About this task:
Reproduce the records exactly.

[Data excerpts]

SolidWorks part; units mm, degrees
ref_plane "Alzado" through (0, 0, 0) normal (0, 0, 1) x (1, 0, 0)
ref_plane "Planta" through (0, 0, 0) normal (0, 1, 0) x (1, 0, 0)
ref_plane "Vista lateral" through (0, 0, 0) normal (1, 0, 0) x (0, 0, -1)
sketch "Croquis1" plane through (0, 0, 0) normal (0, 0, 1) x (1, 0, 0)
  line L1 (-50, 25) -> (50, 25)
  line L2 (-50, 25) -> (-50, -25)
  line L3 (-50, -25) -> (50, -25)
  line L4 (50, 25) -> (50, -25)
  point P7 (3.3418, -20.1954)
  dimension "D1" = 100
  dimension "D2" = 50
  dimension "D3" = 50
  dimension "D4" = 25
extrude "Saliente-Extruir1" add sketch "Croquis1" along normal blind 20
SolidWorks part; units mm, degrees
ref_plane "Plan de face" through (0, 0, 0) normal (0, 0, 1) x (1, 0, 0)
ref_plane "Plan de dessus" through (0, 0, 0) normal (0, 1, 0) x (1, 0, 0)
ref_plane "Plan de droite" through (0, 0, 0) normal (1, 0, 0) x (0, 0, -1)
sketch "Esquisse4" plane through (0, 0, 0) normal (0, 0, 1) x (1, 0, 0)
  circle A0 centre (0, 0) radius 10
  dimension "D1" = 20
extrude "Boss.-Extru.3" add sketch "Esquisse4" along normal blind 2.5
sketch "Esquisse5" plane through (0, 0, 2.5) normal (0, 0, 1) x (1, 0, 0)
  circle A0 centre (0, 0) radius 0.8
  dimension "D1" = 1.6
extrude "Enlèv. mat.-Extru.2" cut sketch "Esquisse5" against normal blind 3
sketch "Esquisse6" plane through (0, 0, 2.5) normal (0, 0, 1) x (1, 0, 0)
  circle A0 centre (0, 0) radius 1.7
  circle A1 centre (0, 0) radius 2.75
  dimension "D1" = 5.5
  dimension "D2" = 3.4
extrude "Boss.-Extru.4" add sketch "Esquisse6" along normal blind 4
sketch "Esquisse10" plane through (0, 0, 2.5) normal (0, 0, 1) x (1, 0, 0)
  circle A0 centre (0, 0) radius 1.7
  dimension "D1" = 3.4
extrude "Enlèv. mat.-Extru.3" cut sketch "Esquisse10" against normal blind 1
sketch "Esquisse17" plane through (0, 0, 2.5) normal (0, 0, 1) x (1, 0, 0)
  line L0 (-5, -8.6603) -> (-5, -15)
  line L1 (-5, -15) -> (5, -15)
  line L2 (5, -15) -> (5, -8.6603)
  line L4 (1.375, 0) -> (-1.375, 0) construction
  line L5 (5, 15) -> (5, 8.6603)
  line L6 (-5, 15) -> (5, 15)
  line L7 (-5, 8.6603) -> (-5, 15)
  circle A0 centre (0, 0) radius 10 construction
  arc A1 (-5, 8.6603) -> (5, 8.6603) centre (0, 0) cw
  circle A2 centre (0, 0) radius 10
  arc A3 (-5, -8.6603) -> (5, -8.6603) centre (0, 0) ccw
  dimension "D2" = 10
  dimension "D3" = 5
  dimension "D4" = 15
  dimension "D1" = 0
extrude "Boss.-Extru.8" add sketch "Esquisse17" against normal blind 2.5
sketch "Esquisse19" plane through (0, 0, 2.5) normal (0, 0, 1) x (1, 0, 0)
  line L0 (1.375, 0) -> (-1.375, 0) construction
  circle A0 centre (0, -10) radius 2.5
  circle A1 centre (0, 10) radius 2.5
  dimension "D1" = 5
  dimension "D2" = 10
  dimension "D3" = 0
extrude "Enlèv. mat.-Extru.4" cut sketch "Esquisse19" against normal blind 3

[/Data excerpts]

Solution to this exercise:
SolidWorks part; units mm, degrees
ref_plane "Alzado" through (0, 0, 0) normal (0, 0, 1) x (1, 0, 0)
ref_plane "Planta" through (0, 0, 0) normal (0, 1, 0) x (1, 0, 0)
ref_plane "Vista lateral" through (0, 0, 0) normal (1, 0, 0) x (0, 0, -1)
sketch "Croquis1" plane through (0, 0, 0) normal (0, 0, 1) x (1, 0, 0)
  line L1 (-50, 25) -> (50, 25)
  line L2 (-50, 25) -> (-50, -25)
  line L3 (-50, -25) -> (50, -25)
  line L4 (50, 25) -> (50, -25)
  point P7 (3.3418, -20.1954)
  dimension "D1" = 100
  dimension "D2" = 50
  dimension "D3" = 50
  dimension "D4" = 25
extrude "Saliente-Extruir1" add sketch "Croquis1" along normal blind 20
SolidWorks part; units mm, degrees
ref_plane "Plan de face" through (0, 0, 0) normal (0, 0, 1) x (1, 0, 0)
ref_plane "Plan de dessus" through (0, 0, 0) normal (0, 1, 0) x (1, 0, 0)
ref_plane "Plan de droite" through (0, 0, 0) normal (1, 0, 0) x (0, 0, -1)
sketch "Esquisse4" plane through (0, 0, 0) normal (0, 0, 1) x (1, 0, 0)
  circle A0 centre (0, 0) radius 10
  dimension "D1" = 20
extrude "Boss.-Extru.3" add sketch "Esquisse4" along normal blind 2.5
sketch "Esquisse5" plane through (0, 0, 2.5) normal (0, 0, 1) x (1, 0, 0)
  circle A0 centre (0, 0) radius 0.8
  dimension "D1" = 1.6
extrude "Enlèv. mat.-Extru.2" cut sketch "Esquisse5" against normal blind 3
sketch "Esquisse6" plane through (0, 0, 2.5) normal (0, 0, 1) x (1, 0, 0)
  circle A0 centre (0, 0) radius 1.7
  circle A1 centre (0, 0) radius 2.75
  dimension "D1" = 5.5
  dimension "D2" = 3.4
extrude "Boss.-Extru.4" add sketch "Esquisse6" along normal blind 4
sketch "Esquisse10" plane through (0, 0, 2.5) normal (0, 0, 1) x (1, 0, 0)
  circle A0 centre (0, 0) radius 1.7
  dimension "D1" = 3.4
extrude "Enlèv. mat.-Extru.3" cut sketch "Esquisse10" against normal blind 1
sketch "Esquisse17" plane through (0, 0, 2.5) normal (0, 0, 1) x (1, 0, 0)
  line L0 (-5, -8.6603) -> (-5, -15)
  line L1 (-5, -15) -> (5, -15)
  line L2 (5, -15) -> (5, -8.6603)
  line L4 (1.375, 0) -> (-1.375, 0) construction
  line L5 (5, 15) -> (5, 8.6603)
  line L6 (-5, 15) -> (5, 15)
  line L7 (-5, 8.6603) -> (-5, 15)
  circle A0 centre (0, 0) radius 10 construction
  arc A1 (-5, 8.6603) -> (5, 8.6603) centre (0, 0) cw
  circle A2 centre (0, 0) radius 10
  arc A3 (-5, -8.6603) -> (5, -8.6603) centre (0, 0) ccw
  dimension "D2" = 10
  dimension "D3" = 5
  dimension "D4" = 15
  dimension "D1" = 0
extrude "Boss.-Extru.8" add sketch "Esquisse17" against normal blind 2.5
sketch "Esquisse19" plane through (0, 0, 2.5) normal (0, 0, 1) x (1, 0, 0)
  line L0 (1.375, 0) -> (-1.375, 0) construction
  circle A0 centre (0, -10) radius 2.5
  circle A1 centre (0, 10) radius 2.5
  dimension "D1" = 5
  dimension "D2" = 10
  dimension "D3" = 0
extrude "Enlèv. mat.-Extru.4" cut sketch "Esquisse19" against normal blind 3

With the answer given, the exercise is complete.